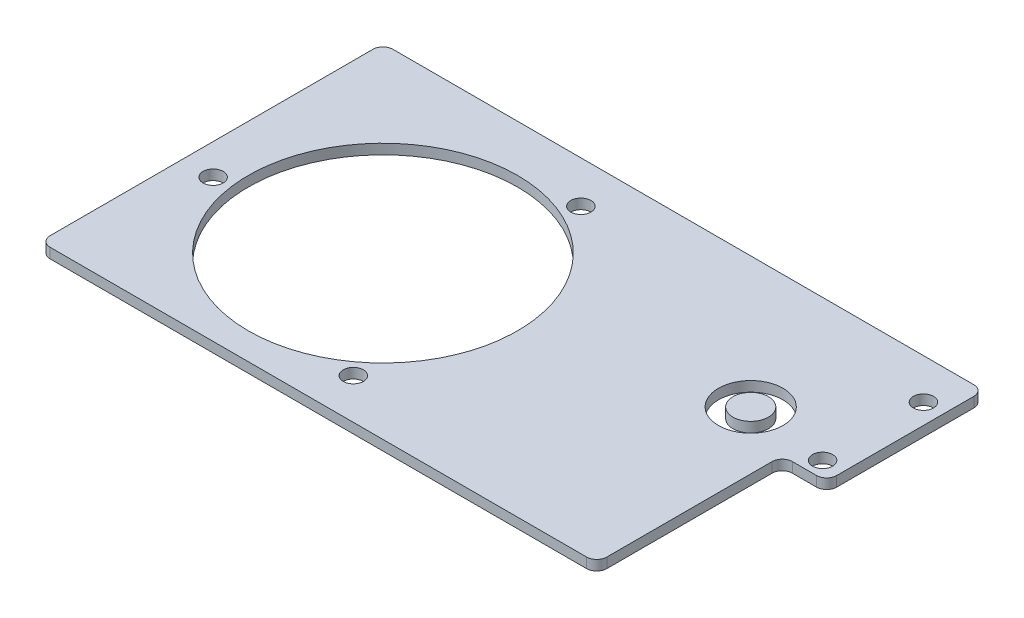
ISO-10303-21;
HEADER;
FILE_DESCRIPTION(('STEP AP214'),'2;1');
FILE_NAME('part.step','',(''),(''),'','','');
FILE_SCHEMA(('AUTOMOTIVE_DESIGN { 1 0 10303 214 1 1 1 1 }'));
ENDSEC;
DATA;
#1=APPLICATION_CONTEXT('core data for automotive mechanical design processes');
#2=APPLICATION_PROTOCOL_DEFINITION('international standard','automotive_design',2000,#1);
#3=PRODUCT_CONTEXT('',#1,'mechanical');
#4=PRODUCT('Part','Part','',(#3));
#5=PRODUCT_RELATED_PRODUCT_CATEGORY('part','',(#4));
#6=PRODUCT_DEFINITION_FORMATION('','',#4);
#7=PRODUCT_DEFINITION_CONTEXT('part definition',#1,'design');
#8=PRODUCT_DEFINITION('design','',#6,#7);
#9=PRODUCT_DEFINITION_SHAPE('','',#8);
#10=(LENGTH_UNIT() NAMED_UNIT(*) SI_UNIT(.MILLI.,.METRE.));
#11=(NAMED_UNIT(*) PLANE_ANGLE_UNIT() SI_UNIT($,.RADIAN.));
#12=(NAMED_UNIT(*) SI_UNIT($,.STERADIAN.) SOLID_ANGLE_UNIT());
#13=UNCERTAINTY_MEASURE_WITH_UNIT(LENGTH_MEASURE(1.E-05),#10,'distance_accuracy_value','');
#14=(GEOMETRIC_REPRESENTATION_CONTEXT(3) GLOBAL_UNCERTAINTY_ASSIGNED_CONTEXT((#13)) GLOBAL_UNIT_ASSIGNED_CONTEXT((#10,
#11,#12)) REPRESENTATION_CONTEXT('',''));
#15=CARTESIAN_POINT('',(0.,0.,0.));
#16=DIRECTION('',(0.,0.,1.));
#17=DIRECTION('',(1.,0.,0.));
#18=AXIS2_PLACEMENT_3D('',#15,#16,#17);
#19=CARTESIAN_POINT('',(242.57,6.35,-8.89000000000004));
#20=DIRECTION('',(0.,-1.,0.));
#21=DIRECTION('',(0.,0.,-1.));
#22=AXIS2_PLACEMENT_3D('',#19,#20,#21);
#23=PLANE('',#22);
#24=CARTESIAN_POINT('',(199.663269188543,6.35,-31.9495832888387));
#25=DIRECTION('',(0.,1.,0.));
#26=DIRECTION('',(0.,0.,1.));
#27=AXIS2_PLACEMENT_3D('',#24,#25,#26);
#28=CIRCLE('',#27,20.32);
#29=CARTESIAN_POINT('',(199.663269188543,6.35,-11.6295832888387));
#30=VERTEX_POINT('',#29);
#31=EDGE_CURVE('E12',#30,#30,#28,.T.);
#32=ORIENTED_EDGE('',*,*,#31,.F.);
#33=EDGE_LOOP('',(#32));
#34=FACE_BOUND('',#33,.T.);
#35=CARTESIAN_POINT('',(242.57,6.35,-8.89000000000004));
#36=DIRECTION('',(0.,-1.,0.));
#37=DIRECTION('',(0.,0.,-1.));
#38=AXIS2_PLACEMENT_3D('',#35,#36,#37);
#39=CIRCLE('',#38,6.35);
#40=CARTESIAN_POINT('',(236.22,6.35,-8.89000000000004));
#41=VERTEX_POINT('',#40);
#42=CARTESIAN_POINT('',(242.57,6.35,-15.24));
#43=VERTEX_POINT('',#42);
#44=EDGE_CURVE('E135',#41,#43,#39,.T.);
#45=ORIENTED_EDGE('',*,*,#44,.T.);
#46=DIRECTION('',(1.,0.,0.));
#47=VECTOR('',#46,1.);
#48=CARTESIAN_POINT('',(242.57,6.35,-15.24));
#49=LINE('',#48,#47);
#50=CARTESIAN_POINT('',(257.81,6.35,-15.2400000000001));
#51=VERTEX_POINT('',#50);
#52=EDGE_CURVE('E128',#43,#51,#49,.T.);
#53=ORIENTED_EDGE('',*,*,#52,.T.);
#54=CARTESIAN_POINT('',(257.81,6.35,-21.59));
#55=DIRECTION('',(0.,1.,0.));
#56=DIRECTION('',(0.,0.,1.));
#57=AXIS2_PLACEMENT_3D('',#54,#55,#56);
#58=CIRCLE('',#57,6.34999999999995);
#59=CARTESIAN_POINT('',(264.16,6.35,-21.59));
#60=VERTEX_POINT('',#59);
#61=EDGE_CURVE('E132',#51,#60,#58,.T.);
#62=ORIENTED_EDGE('',*,*,#61,.T.);
#63=DIRECTION('',(0.,0.,-1.));
#64=VECTOR('',#63,1.);
#65=CARTESIAN_POINT('',(264.16,6.35,-107.95));
#66=LINE('',#65,#64);
#67=CARTESIAN_POINT('',(264.16,6.35,-107.95));
#68=VERTEX_POINT('',#67);
#69=EDGE_CURVE('E153',#60,#68,#66,.T.);
#70=ORIENTED_EDGE('',*,*,#69,.T.);
#71=CARTESIAN_POINT('',(257.81,6.35,-107.95));
#72=DIRECTION('',(0.,1.,0.));
#73=DIRECTION('',(0.,0.,-1.));
#74=AXIS2_PLACEMENT_3D('',#71,#72,#73);
#75=CIRCLE('',#74,6.35000000000002);
#76=CARTESIAN_POINT('',(257.81,6.35,-114.3));
#77=VERTEX_POINT('',#76);
#78=EDGE_CURVE('E155',#68,#77,#75,.T.);
#79=ORIENTED_EDGE('',*,*,#78,.T.);
#80=DIRECTION('',(-1.,0.,0.));
#81=VECTOR('',#80,1.);
#82=CARTESIAN_POINT('',(257.81,6.35,-114.3));
#83=LINE('',#82,#81);
#84=CARTESIAN_POINT('',(-107.95,6.35,-114.3));
#85=VERTEX_POINT('',#84);
#86=EDGE_CURVE('E262',#77,#85,#83,.T.);
#87=ORIENTED_EDGE('',*,*,#86,.T.);
#88=CARTESIAN_POINT('',(-107.95,6.35,-107.95));
#89=DIRECTION('',(0.,1.,0.));
#90=DIRECTION('',(0.,0.,1.));
#91=AXIS2_PLACEMENT_3D('',#88,#89,#90);
#92=CIRCLE('',#91,6.34999999999995);
#93=CARTESIAN_POINT('',(-114.3,6.35,-107.95));
#94=VERTEX_POINT('',#93);
#95=EDGE_CURVE('E260',#85,#94,#92,.T.);
#96=ORIENTED_EDGE('',*,*,#95,.T.);
#97=DIRECTION('',(0.,0.,1.));
#98=VECTOR('',#97,1.);
#99=CARTESIAN_POINT('',(-114.3,6.35,-107.95));
#100=LINE('',#99,#98);
#101=CARTESIAN_POINT('',(-114.3,6.35,95.2500000000002));
#102=VERTEX_POINT('',#101);
#103=EDGE_CURVE('E258',#94,#102,#100,.T.);
#104=ORIENTED_EDGE('',*,*,#103,.T.);
#105=CARTESIAN_POINT('',(-107.95,6.35,95.2500000000002));
#106=DIRECTION('',(0.,1.,0.));
#107=DIRECTION('',(0.,0.,-1.));
#108=AXIS2_PLACEMENT_3D('',#105,#106,#107);
#109=CIRCLE('',#108,6.34999999999996);
#110=CARTESIAN_POINT('',(-107.95,6.35,101.6));
#111=VERTEX_POINT('',#110);
#112=EDGE_CURVE('E256',#102,#111,#109,.T.);
#113=ORIENTED_EDGE('',*,*,#112,.T.);
#114=DIRECTION('',(1.,0.,0.));
#115=VECTOR('',#114,1.);
#116=CARTESIAN_POINT('',(229.87,6.35,101.6));
#117=LINE('',#116,#115);
#118=CARTESIAN_POINT('',(229.87,6.35,101.6));
#119=VERTEX_POINT('',#118);
#120=EDGE_CURVE('E254',#111,#119,#117,.T.);
#121=ORIENTED_EDGE('',*,*,#120,.T.);
#122=CARTESIAN_POINT('',(229.87,6.35,95.25));
#123=DIRECTION('',(0.,1.,0.));
#124=DIRECTION('',(0.,0.,1.));
#125=AXIS2_PLACEMENT_3D('',#122,#123,#124);
#126=CIRCLE('',#125,6.34999999999999);
#127=CARTESIAN_POINT('',(236.22,6.35,95.25));
#128=VERTEX_POINT('',#127);
#129=EDGE_CURVE('E252',#119,#128,#126,.T.);
#130=ORIENTED_EDGE('',*,*,#129,.T.);
#131=DIRECTION('',(0.,0.,-1.));
#132=VECTOR('',#131,1.);
#133=CARTESIAN_POINT('',(236.22,6.35,95.25));
#134=LINE('',#133,#132);
#135=EDGE_CURVE('E190',#128,#41,#134,.T.);
#136=ORIENTED_EDGE('',*,*,#135,.T.);
#137=EDGE_LOOP('',(#45,#53,#62,#70,#79,#87,#96,#104,#113,#121,#130,#136));
#138=FACE_BOUND('',#137,.T.);
#139=CARTESIAN_POINT('',(0.,6.35,0.));
#140=DIRECTION('',(0.,1.,0.));
#141=DIRECTION('',(0.,0.,1.));
#142=AXIS2_PLACEMENT_3D('',#139,#140,#141);
#143=CIRCLE('',#142,84.7725);
#144=CARTESIAN_POINT('',(0.,6.35,84.7725));
#145=VERTEX_POINT('',#144);
#146=EDGE_CURVE('E165',#145,#145,#143,.T.);
#147=ORIENTED_EDGE('',*,*,#146,.F.);
#148=EDGE_LOOP('',(#147));
#149=FACE_BOUND('',#148,.T.);
#150=CARTESIAN_POINT('',(-94.8681670844926,6.35,12.0662470574992));
#151=DIRECTION('',(0.,1.,0.));
#152=DIRECTION('',(0.,0.,1.));
#153=AXIS2_PLACEMENT_3D('',#150,#151,#152);
#154=CIRCLE('',#153,6.35);
#155=CARTESIAN_POINT('',(-94.8681670844926,6.35,18.4162470574992));
#156=VERTEX_POINT('',#155);
#157=EDGE_CURVE('E168',#156,#156,#154,.T.);
#158=ORIENTED_EDGE('',*,*,#157,.F.);
#159=EDGE_LOOP('',(#158));
#160=FACE_BOUND('',#159,.T.);
#161=CARTESIAN_POINT('',(251.46,6.35,-88.9000000000001));
#162=DIRECTION('',(0.,1.,0.));
#163=DIRECTION('',(0.,0.,1.));
#164=AXIS2_PLACEMENT_3D('',#161,#162,#163);
#165=CIRCLE('',#164,6.35);
#166=CARTESIAN_POINT('',(251.46,6.35,-82.5500000000001));
#167=VERTEX_POINT('',#166);
#168=EDGE_CURVE('E175',#167,#167,#165,.T.);
#169=ORIENTED_EDGE('',*,*,#168,.F.);
#170=EDGE_LOOP('',(#169));
#171=FACE_BOUND('',#170,.T.);
#172=CARTESIAN_POINT('',(251.46,6.35,-25.4000000000001));
#173=DIRECTION('',(0.,1.,0.));
#174=DIRECTION('',(0.,0.,1.));
#175=AXIS2_PLACEMENT_3D('',#172,#173,#174);
#176=CIRCLE('',#175,6.35);
#177=CARTESIAN_POINT('',(251.46,6.35,-19.0500000000001));
#178=VERTEX_POINT('',#177);
#179=EDGE_CURVE('E181',#178,#178,#176,.T.);
#180=ORIENTED_EDGE('',*,*,#179,.F.);
#181=EDGE_LOOP('',(#180));
#182=FACE_BOUND('',#181,.T.);
#183=CARTESIAN_POINT('',(36.7916406639406,6.35,-87.8574850383021));
#184=DIRECTION('',(0.,1.,0.));
#185=DIRECTION('',(0.,0.,1.));
#186=AXIS2_PLACEMENT_3D('',#183,#184,#185);
#187=CIRCLE('',#186,6.34999999999998);
#188=CARTESIAN_POINT('',(36.7916406639406,6.35,-81.5074850383022));
#189=VERTEX_POINT('',#188);
#190=EDGE_CURVE('E187',#189,#189,#187,.T.);
#191=ORIENTED_EDGE('',*,*,#190,.F.);
#192=EDGE_LOOP('',(#191));
#193=FACE_BOUND('',#192,.T.);
#194=CARTESIAN_POINT('',(57.4982272256385,6.35,76.125119177117));
#195=DIRECTION('',(0.,1.,0.));
#196=DIRECTION('',(0.,0.,1.));
#197=AXIS2_PLACEMENT_3D('',#194,#195,#196);
#198=CIRCLE('',#197,6.35);
#199=CARTESIAN_POINT('',(57.4982272256385,6.35,82.475119177117));
#200=VERTEX_POINT('',#199);
#201=EDGE_CURVE('E193',#200,#200,#198,.T.);
#202=ORIENTED_EDGE('',*,*,#201,.F.);
#203=EDGE_LOOP('',(#202));
#204=FACE_BOUND('',#203,.T.);
#205=ADVANCED_FACE('F43',(#34,#138,#149,#160,#171,#182,#193,#204),#23,.F.);
#206=CARTESIAN_POINT('',(242.57,0.,-8.89000000000004));
#207=DIRECTION('',(0.,-1.,0.));
#208=DIRECTION('',(0.,0.,-1.));
#209=AXIS2_PLACEMENT_3D('',#206,#207,#208);
#210=PLANE('',#209);
#211=CARTESIAN_POINT('',(199.663269188543,0.,-31.9495832888387));
#212=DIRECTION('',(0.,-1.,0.));
#213=DIRECTION('',(0.,0.,-1.));
#214=AXIS2_PLACEMENT_3D('',#211,#212,#213);
#215=CIRCLE('',#214,20.32);
#216=CARTESIAN_POINT('',(199.663269188543,0.,-52.2695832888387));
#217=VERTEX_POINT('',#216);
#218=EDGE_CURVE('E51',#217,#217,#215,.T.);
#219=ORIENTED_EDGE('',*,*,#218,.F.);
#220=EDGE_LOOP('',(#219));
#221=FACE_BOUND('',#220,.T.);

··········

Within the material above, copy exactly the lines from the line that holds "#121=ORIENTED_EDGE('',*,*,#120,.T.);" up to and including the line that holds "#136=ORIENTED_EDGE('',*,*,#135,.T.);".

#121=ORIENTED_EDGE('',*,*,#120,.T.);
#122=CARTESIAN_POINT('',(229.87,6.35,95.25));
#123=DIRECTION('',(0.,1.,0.));
#124=DIRECTION('',(0.,0.,1.));
#125=AXIS2_PLACEMENT_3D('',#122,#123,#124);
#126=CIRCLE('',#125,6.34999999999999);
#127=CARTESIAN_POINT('',(236.22,6.35,95.25));
#128=VERTEX_POINT('',#127);
#129=EDGE_CURVE('E252',#119,#128,#126,.T.);
#130=ORIENTED_EDGE('',*,*,#129,.T.);
#131=DIRECTION('',(0.,0.,-1.));
#132=VECTOR('',#131,1.);
#133=CARTESIAN_POINT('',(236.22,6.35,95.25));
#134=LINE('',#133,#132);
#135=EDGE_CURVE('E190',#128,#41,#134,.T.);
#136=ORIENTED_EDGE('',*,*,#135,.T.);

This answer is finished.